General remarks: Thanks for clarification of the strength of your study. Nevertheless, their are cell culture models using trophoblastic stem cells (without iPSCs generation) as mentioned by multiple answers of the author (available by isolation, commercially available (some regions) or easily shared by the scientific community), which have a one step protocol and a EVT generation ratio of 86% - 96.9% in recent publications. Therefore, an iPSCs model using a very expensive Cytotune® -iPS Sendai Reprogramming Kit (Thermo Fisher Scientific) technique, which is associated with a huge effort to characterize the resulting cell lines, is in our opinion not a significant improvement. Also the above-mentioned system is easily transferable into organoid systems and can be modified to mimic PE and other pregnancy-associated diseases. In conclusion, the present article by On-Chung Shum et al. shows a nicely improved protocol one step protocol for a "niche" application.

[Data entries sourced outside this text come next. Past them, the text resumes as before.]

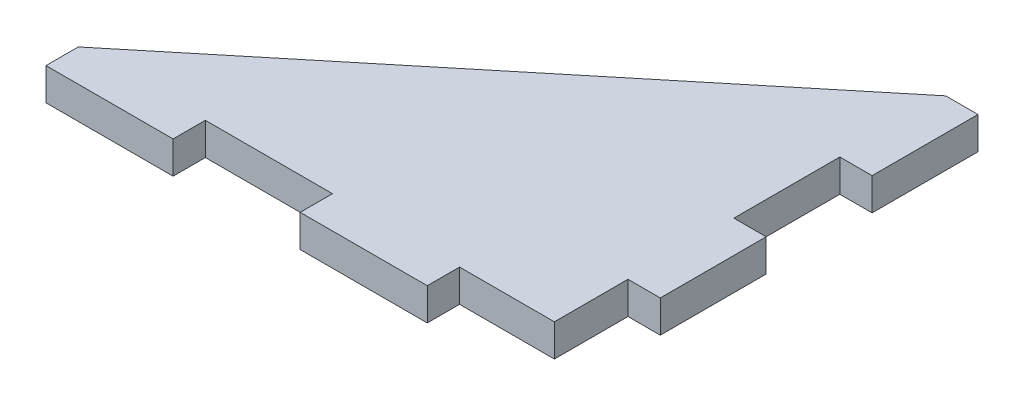
ISO-10303-21;
HEADER;
FILE_DESCRIPTION(('STEP AP214'),'2;1');
FILE_NAME('part.step','',(''),(''),'','','');
FILE_SCHEMA(('AUTOMOTIVE_DESIGN { 1 0 10303 214 1 1 1 1 }'));
ENDSEC;
DATA;
#1=APPLICATION_CONTEXT('core data for automotive mechanical design processes');
#2=APPLICATION_PROTOCOL_DEFINITION('international standard','automotive_design',2000,#1);
#3=PRODUCT_CONTEXT('',#1,'mechanical');
#4=PRODUCT('Part','Part','',(#3));
#5=PRODUCT_RELATED_PRODUCT_CATEGORY('part','',(#4));
#6=PRODUCT_DEFINITION_FORMATION('','',#4);
#7=PRODUCT_DEFINITION_CONTEXT('part definition',#1,'design');
#8=PRODUCT_DEFINITION('design','',#6,#7);
#9=PRODUCT_DEFINITION_SHAPE('','',#8);
#10=(LENGTH_UNIT() NAMED_UNIT(*) SI_UNIT(.MILLI.,.METRE.));
#11=(NAMED_UNIT(*) PLANE_ANGLE_UNIT() SI_UNIT($,.RADIAN.));
#12=(NAMED_UNIT(*) SI_UNIT($,.STERADIAN.) SOLID_ANGLE_UNIT());
#13=UNCERTAINTY_MEASURE_WITH_UNIT(LENGTH_MEASURE(1.E-05),#10,'distance_accuracy_value','');
#14=(GEOMETRIC_REPRESENTATION_CONTEXT(3) GLOBAL_UNCERTAINTY_ASSIGNED_CONTEXT((#13)) GLOBAL_UNIT_ASSIGNED_CONTEXT((#10,
#11,#12)) REPRESENTATION_CONTEXT('',''));
#15=CARTESIAN_POINT('',(0.,0.,0.));
#16=DIRECTION('',(0.,0.,1.));
#17=DIRECTION('',(1.,0.,0.));
#18=AXIS2_PLACEMENT_3D('',#15,#16,#17);
#19=CARTESIAN_POINT('',(0.,6.096,0.));
#20=DIRECTION('',(1.,0.,0.));
#21=DIRECTION('',(0.,0.,-1.));
#22=AXIS2_PLACEMENT_3D('',#19,#20,#21);
#23=PLANE('',#22);
#24=DIRECTION('',(0.,0.,1.));
#25=VECTOR('',#24,1.);
#26=CARTESIAN_POINT('',(0.,0.,0.));
#27=LINE('',#26,#25);
#28=CARTESIAN_POINT('',(0.,0.,-6.096));
#29=VERTEX_POINT('',#28);
#30=CARTESIAN_POINT('',(0.,0.,0.));
#31=VERTEX_POINT('',#30);
#32=EDGE_CURVE('E182',#29,#31,#27,.T.);
#33=ORIENTED_EDGE('',*,*,#32,.T.);
#34=DIRECTION('',(0.,-1.,0.));
#35=VECTOR('',#34,1.);
#36=CARTESIAN_POINT('',(0.,6.096,0.));
#37=LINE('',#36,#35);
#38=CARTESIAN_POINT('',(0.,6.096,0.));
#39=VERTEX_POINT('',#38);
#40=EDGE_CURVE('E11',#39,#31,#37,.T.);
#41=ORIENTED_EDGE('',*,*,#40,.F.);
#42=DIRECTION('',(0.,0.,1.));
#43=VECTOR('',#42,1.);
#44=CARTESIAN_POINT('',(0.,6.096,0.));
#45=LINE('',#44,#43);
#46=CARTESIAN_POINT('',(0.,6.096,-6.096));
#47=VERTEX_POINT('',#46);
#48=EDGE_CURVE('E214',#47,#39,#45,.T.);
#49=ORIENTED_EDGE('',*,*,#48,.F.);
#50=DIRECTION('',(0.,-1.,0.));
#51=VECTOR('',#50,1.);
#52=CARTESIAN_POINT('',(0.,6.096,-6.096));
#53=LINE('',#52,#51);
#54=EDGE_CURVE('E178',#47,#29,#53,.T.);
#55=ORIENTED_EDGE('',*,*,#54,.T.);
#56=EDGE_LOOP('',(#33,#41,#49,#55));
#57=FACE_BOUND('',#56,.T.);
#58=ADVANCED_FACE('F32',(#57),#23,.F.);
#59=CARTESIAN_POINT('',(0.,6.096,0.));
#60=DIRECTION('',(0.,0.,-1.));
#61=DIRECTION('',(-1.,0.,0.));
#62=AXIS2_PLACEMENT_3D('',#59,#60,#61);
#63=PLANE('',#62);
#64=DIRECTION('',(1.,0.,0.));
#65=VECTOR('',#64,1.);
#66=CARTESIAN_POINT('',(0.,0.,0.));
#67=LINE('',#66,#65);
#68=CARTESIAN_POINT('',(24.,0.,0.));
#69=VERTEX_POINT('',#68);
#70=EDGE_CURVE('E185',#31,#69,#67,.T.);
#71=ORIENTED_EDGE('',*,*,#70,.T.);
#72=DIRECTION('',(0.,-1.,0.));
#73=VECTOR('',#72,1.);
#74=CARTESIAN_POINT('',(24.,6.096,0.));
#75=LINE('',#74,#73);
#76=CARTESIAN_POINT('',(24.,6.096,0.));
#77=VERTEX_POINT('',#76);
#78=EDGE_CURVE('E40',#77,#69,#75,.T.);
#79=ORIENTED_EDGE('',*,*,#78,.F.);
#80=DIRECTION('',(1.,0.,0.));
#81=VECTOR('',#80,1.);
#82=CARTESIAN_POINT('',(0.,6.096,0.));
#83=LINE('',#82,#81);
#84=EDGE_CURVE('E118',#39,#77,#83,.T.);
#85=ORIENTED_EDGE('',*,*,#84,.F.);
#86=ORIENTED_EDGE('',*,*,#40,.T.);
#87=EDGE_LOOP('',(#71,#79,#85,#86));
#88=FACE_BOUND('',#87,.T.);
#89=ADVANCED_FACE('F317',(#88),#63,.F.);
#90=CARTESIAN_POINT('',(24.,6.096,0.));
#91=DIRECTION('',(-1.,0.,0.));
#92=DIRECTION('',(0.,0.,1.));
#93=AXIS2_PLACEMENT_3D('',#90,#91,#92);
#94=PLANE('',#93);
#95=DIRECTION('',(0.,0.,-1.));
#96=VECTOR('',#95,1.);
#97=CARTESIAN_POINT('',(24.,0.,0.));
#98=LINE('',#97,#96);
#99=CARTESIAN_POINT('',(24.,0.,-6.09600000000001));
#100=VERTEX_POINT('',#99);
#101=EDGE_CURVE('E187',#69,#100,#98,.T.);
#102=ORIENTED_EDGE('',*,*,#101,.T.);
#103=DIRECTION('',(0.,-1.,0.));
#104=VECTOR('',#103,1.);
#105=CARTESIAN_POINT('',(24.,6.096,-6.09600000000001));
#106=LINE('',#105,#104);
#107=CARTESIAN_POINT('',(24.,6.096,-6.09600000000001));
#108=VERTEX_POINT('',#107);
#109=EDGE_CURVE('E248',#108,#100,#106,.T.);
#110=ORIENTED_EDGE('',*,*,#109,.F.);
#111=DIRECTION('',(0.,0.,-1.));
#112=VECTOR('',#111,1.);
#113=CARTESIAN_POINT('',(24.,6.096,0.));
#114=LINE('',#113,#112);
#115=EDGE_CURVE('E256',#77,#108,#114,.T.);
#116=ORIENTED_EDGE('',*,*,#115,.F.);
#117=ORIENTED_EDGE('',*,*,#78,.T.);
#118=EDGE_LOOP('',(#102,#110,#116,#117));
#119=FACE_BOUND('',#118,.T.);
#120=ADVANCED_FACE('F254',(#119),#94,.F.);
#121=CARTESIAN_POINT('',(24.,6.096,-6.09600000000001));
#122=DIRECTION('',(0.,0.,-1.));
#123=DIRECTION('',(-1.,0.,0.));
#124=AXIS2_PLACEMENT_3D('',#121,#122,#123);
#125=PLANE('',#124);
#126=DIRECTION('',(1.,0.,0.));
#127=VECTOR('',#126,1.);
#128=CARTESIAN_POINT('',(24.,0.,-6.09600000000001));
#129=LINE('',#128,#127);
#130=CARTESIAN_POINT('',(48.,0.,-6.09600000000001));
#131=VERTEX_POINT('',#130);
#132=EDGE_CURVE('E189',#100,#131,#129,.T.);
#133=ORIENTED_EDGE('',*,*,#132,.T.);
#134=DIRECTION('',(0.,-1.,0.));
#135=VECTOR('',#134,1.);
#136=CARTESIAN_POINT('',(48.,6.096,-6.09600000000001));
#137=LINE('',#136,#135);
#138=CARTESIAN_POINT('',(48.,6.096,-6.09600000000001));
#139=VERTEX_POINT('',#138);
#140=EDGE_CURVE('E245',#139,#131,#137,.T.);
#141=ORIENTED_EDGE('',*,*,#140,.F.);
#142=DIRECTION('',(1.,0.,0.));
#143=VECTOR('',#142,1.);
#144=CARTESIAN_POINT('',(24.,6.096,-6.09600000000001));
#145=LINE('',#144,#143);
#146=EDGE_CURVE('E274',#108,#139,#145,.T.);
#147=ORIENTED_EDGE('',*,*,#146,.F.);
#148=ORIENTED_EDGE('',*,*,#109,.T.);
#149=EDGE_LOOP('',(#133,#141,#147,#148));
#150=FACE_BOUND('',#149,.T.);
#151=ADVANCED_FACE('F265',(#150),#125,.F.);
#152=CARTESIAN_POINT('',(48.,6.096,-6.09600000000001));
#153=DIRECTION('',(1.,0.,0.));
#154=DIRECTION('',(0.,0.,-1.));
#155=AXIS2_PLACEMENT_3D('',#152,#153,#154);
#156=PLANE('',#155);
#157=DIRECTION('',(0.,0.,1.));
#158=VECTOR('',#157,1.);
#159=CARTESIAN_POINT('',(48.,0.,-6.09600000000001));
#160=LINE('',#159,#158);
#161=CARTESIAN_POINT('',(48.,0.,0.));
#162=VERTEX_POINT('',#161);
#163=EDGE_CURVE('E191',#131,#162,#160,.T.);
#164=ORIENTED_EDGE('',*,*,#163,.T.);
#165=DIRECTION('',(0.,-1.,0.));
#166=VECTOR('',#165,1.);
#167=CARTESIAN_POINT('',(48.,6.096,0.));
#168=LINE('',#167,#166);
#169=CARTESIAN_POINT('',(48.,6.096,0.));
#170=VERTEX_POINT('',#169);
#171=EDGE_CURVE('E242',#170,#162,#168,.T.);
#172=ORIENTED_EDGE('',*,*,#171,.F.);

Additional comments: Thanks for adding the immune-lateral flow assay test to verify the hCG secretion, but as stated by the authors the primary objective of the study was focused on EVTs (HLAGpos cells). Therefore, the authors should consider to functionally verify this cell type with additional assays. Their data suggest the RNA upregulation of important marker protein and the expression of markers like HLAG, but as experienced scientists in stem cell research, they are likely aware that not all differentiated iPSCs cells are fully functional even with the correct marker subset.